# Laden von mp3 Playern mit USB-Netzteil



## Jiminey (3. Oktober 2010)

Hi ich muss ein Ladegerät für den mp3 Player meiner Freundin auftreiben, da habe ich mal meine ganzen Kabel, Stecker usw durchsucht und ein Netzteil mit mini USB gefunden.

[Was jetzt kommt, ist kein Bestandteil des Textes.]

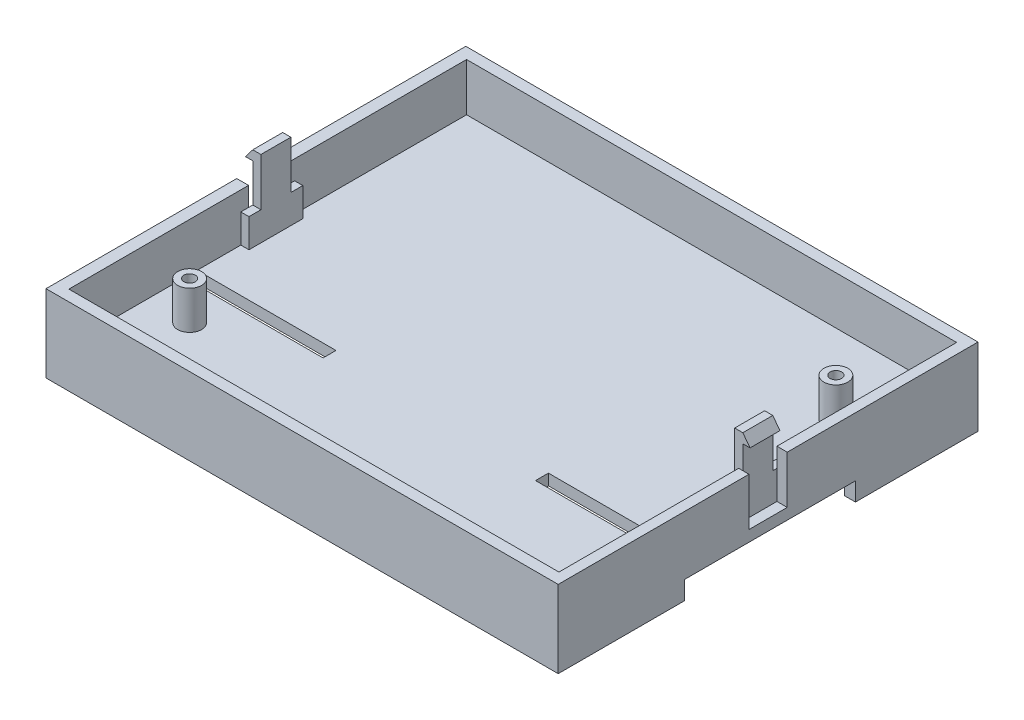
from build123d import *

# Parameters (mm, degrees)
SKETCH1_W           = 107
SKETCH1_H           = 87.7
BOSS_EXTRUDE1_DEPTH = 2.31
BOSS_EXTRUDE2_DEPTH = 10
SKETCH3_R           = 2.5
SKETCH3_R_2         = 1.2
BOSS_EXTRUDE3_DEPTH = 8
BOSS_EXTRUDE4_DEPTH = 3.85
SKETCH5_W           = 28
SKETCH5_H           = 2.7
CUT_EXTRUDE1_DEPTH  = 3.85
CUT_EXTRUDE2_DEPTH  = 107
SKETCH7_W           = 1.7
SKETCH7_H           = 11.25
BOSS_EXTRUDE5_DEPTH = 16
SKETCH8_W           = 2.5
SKETCH8_H           = 10
CUT_EXTRUDE3_DEPTH  = 102.38
BOSS_EXTRUDE6_DEPTH = 6.25
BOSS_EXTRUDE7_DEPTH = 6.25


with BuildPart() as part:
    # Sketch1 → Boss-Extrude1 (new body)
    with BuildSketch(Plane(origin=(0, 0, 0), x_dir=(1, 0, 0), z_dir=(0, 1, 0))):
        with Locations((53.5, 43.85)):
            Rectangle(SKETCH1_W, SKETCH1_H)
    extrude(amount=BOSS_EXTRUDE1_DEPTH)

    # Sketch2 → Boss-Extrude2 (add)
    with BuildSketch(Plane(origin=(0, 2.31, 0), x_dir=(1, 0, 0), z_dir=(0, 1, 0))):
        Polygon((0, 47.85), (2.466911691, 47.85), (2.466911691, 85.39), (104.846911691, 85.39), (104.846911691, 47.85), (107, 47.85), (107, 87.7), (0, 87.7), align=None)
        Polygon((0, 0), (107, 0), (107, 39.85), (104.846911691, 39.85), (104.846911691, 2.31), (2.466911691, 2.31), (2.466911691, 39.85), (0, 39.85), align=None)
    extrude(amount=BOSS_EXTRUDE2_DEPTH)

    # Sketch3 → Boss-Extrude3 (add)
    with BuildSketch(Plane(origin=(0, 2.31, 0), x_dir=(1, 0, 0), z_dir=(0, 1, 0))):
        with Locations((11.156911691, 18.85)):
            Circle(SKETCH3_R)
        with Locations((11.156911691, 18.85)):
            Circle(SKETCH3_R_2, mode=Mode.SUBTRACT)
        with Locations((96.156911691, 68.85)):
            Circle(SKETCH3_R)
        with Locations((96.156911691, 68.85)):
            Circle(SKETCH3_R_2, mode=Mode.SUBTRACT)
    extrude(amount=BOSS_EXTRUDE3_DEPTH)

    # Sketch4 → Boss-Extrude4 (add)
    with BuildSketch(Plane(origin=(0, 0, 0), x_dir=(-1, 0, 0), z_dir=(0, -1, 0))):
        Polygon((0, 0), (0, 26.416), (-4.0894, 26.416), (-4.0894, 29.1084), (-29.9974, 29.1084), (-29.9974, 24.6112), (-2.31, 24.6112), (-2.31, 2.31), (-104.69, 2.31), (-104.69, 24.6112), (-77.0026, 24.6112), (-77.0026, 29.1084), (-102.9106, 29.1084), (-102.9106, 26.416), (-107, 26.416), (-107, 0), align=None)
        Polygon((0, 62.1), (0, 87.7), (-47.32, 87.7), (-47.32, 62.1), (-9.31, 62.1), (-9.31, 64.41), (-43.3322, 64.41), (-43.3322, 85.39), (-2.31, 85.39), (-2.31, 62.1), align=None)
        Polygon((-59.68, 87.7), (-107, 87.7), (-107, 62.1), (-104.69, 62.1), (-104.69, 85.39), (-63.6678, 85.39), (-63.6678, 64.41), (-97.69, 64.41), (-97.69, 62.1), (-59.68, 62.1), align=None)
    extrude(amount=BOSS_EXTRUDE4_DEPTH)

    # Sketch5 → Cut-Extrude1 (cut)
    with BuildSketch(Plane(origin=(0, 2.31, 0), x_dir=(1, 0, 0), z_dir=(0, 1, 0))):
        with Locations((17.466911691, 27.76)):
            Rectangle(SKETCH5_W, SKETCH5_H)
        with Locations((89.846911691, 27.76)):
            Rectangle(SKETCH5_W, SKETCH5_H)
    extrude(amount=-CUT_EXTRUDE1_DEPTH, mode=Mode.SUBTRACT)

    # Sketch6 → Cut-Extrude2 (cut)
    with BuildSketch(Plane(origin=(102.9106, 0, 0), x_dir=(0, 0, -1), z_dir=(1, 0, 0))):
        Polygon((29.1084, -3.85), (26.416, -1.54), (29.1084, -1.54), align=None)
    extrude(amount=-CUT_EXTRUDE2_DEPTH, mode=Mode.SUBTRACT)

    # Sketch7 → Boss-Extrude5 (add)
    with BuildSketch(Plane(origin=(0, 2.31, 0), x_dir=(1, 0, 0), z_dir=(0, 1, 0))):
        with Locations((3.316911691, 43.855)):
            Rectangle(SKETCH7_W, SKETCH7_H)
        with Locations((103.996911691, 43.855)):
            Rectangle(SKETCH7_W, SKETCH7_H)
    extrude(amount=BOSS_EXTRUDE5_DEPTH)

    # Sketch8 → Cut-Extrude3 (cut)
    with BuildSketch(Plane(origin=(104.846911691, 0, 0), x_dir=(0, 0, -1), z_dir=(1, 0, 0))):
        with Locations((39.48, 13.31)):
            Rectangle(SKETCH8_W, SKETCH8_H)
        with Locations((48.23, 13.31)):
            Rectangle(SKETCH8_W, SKETCH8_H)
    extrude(amount=-CUT_EXTRUDE3_DEPTH, mode=Mode.SUBTRACT)

    # Sketch9 → Boss-Extrude6 (add)
    with BuildSketch(Plane.XY.offset(-40.73)):
        Polygon((104.846911691, 18.31), (106.346911691, 16.31), (104.846911691, 16.31), align=None)
    extrude(amount=-BOSS_EXTRUDE6_DEPTH)

    # Sketch10 → Boss-Extrude7 (add)
    with BuildSketch(Plane.XY.offset(-40.73)):
        Polygon((0.966911691, 16.31), (2.466911691, 16.31), (2.466911691, 18.31), align=None)
    extrude(amount=-BOSS_EXTRUDE7_DEPTH)


solid = part.part

Die Daten: INPUT:AC100-240V 50/60HZ 0,25A

               OUTPUT: DC5V 1,2A

Input ist klar ganz normale Steckdose.

Beim Output bin ich mir nicht ganz sicher ich glaube ein USB anschluss am PC hat 5V 0,5A. Das Netzteil hat jetzt aber 1,2A kann ich trotzdem jeden mp3 Player damit laden?

Danke


----------



## kress (3. Oktober 2010)

USB Netz-Ladeadapter Silber/Schwarz Weitere tolle Angebote Elektronik / Hifi / PC Ladekabel / Adapter

Das hier ist was du suchst.
Find jetz leider nicht meinen eigenen Adapter, da steht das bestimmt drauf.
So ein Teil bekommst du aber in jedem Elektronikladen.


----------



## Jiminey (3. Oktober 2010)

Also wo ich eins her bekomme weiß ich .

Mir geht es darum ob dieses von mir beschriebene Netzteil seinen zweck nicht auch erfüllt den das habe ich ja bereits.

Danke


----------



## Jever_Pilsener (3. Oktober 2010)

5V = Das Gerät kriegt 5V. Wenn du z.B. 1000V drauf jagen würdest, würde das Gerät abrauchen.
1,2A = Das Gerät kann maximal 1,2A ziehen. Wenn es nur 0,5A oder noch weniger zieht, ist das aber kein Problem. Nur wenn ein Gerät mehr als 1,2A ziehen will, gibt es Probleme, dann kann das Netzteil beschädigt werden oder es gibt einfach nicht mehr Strom her.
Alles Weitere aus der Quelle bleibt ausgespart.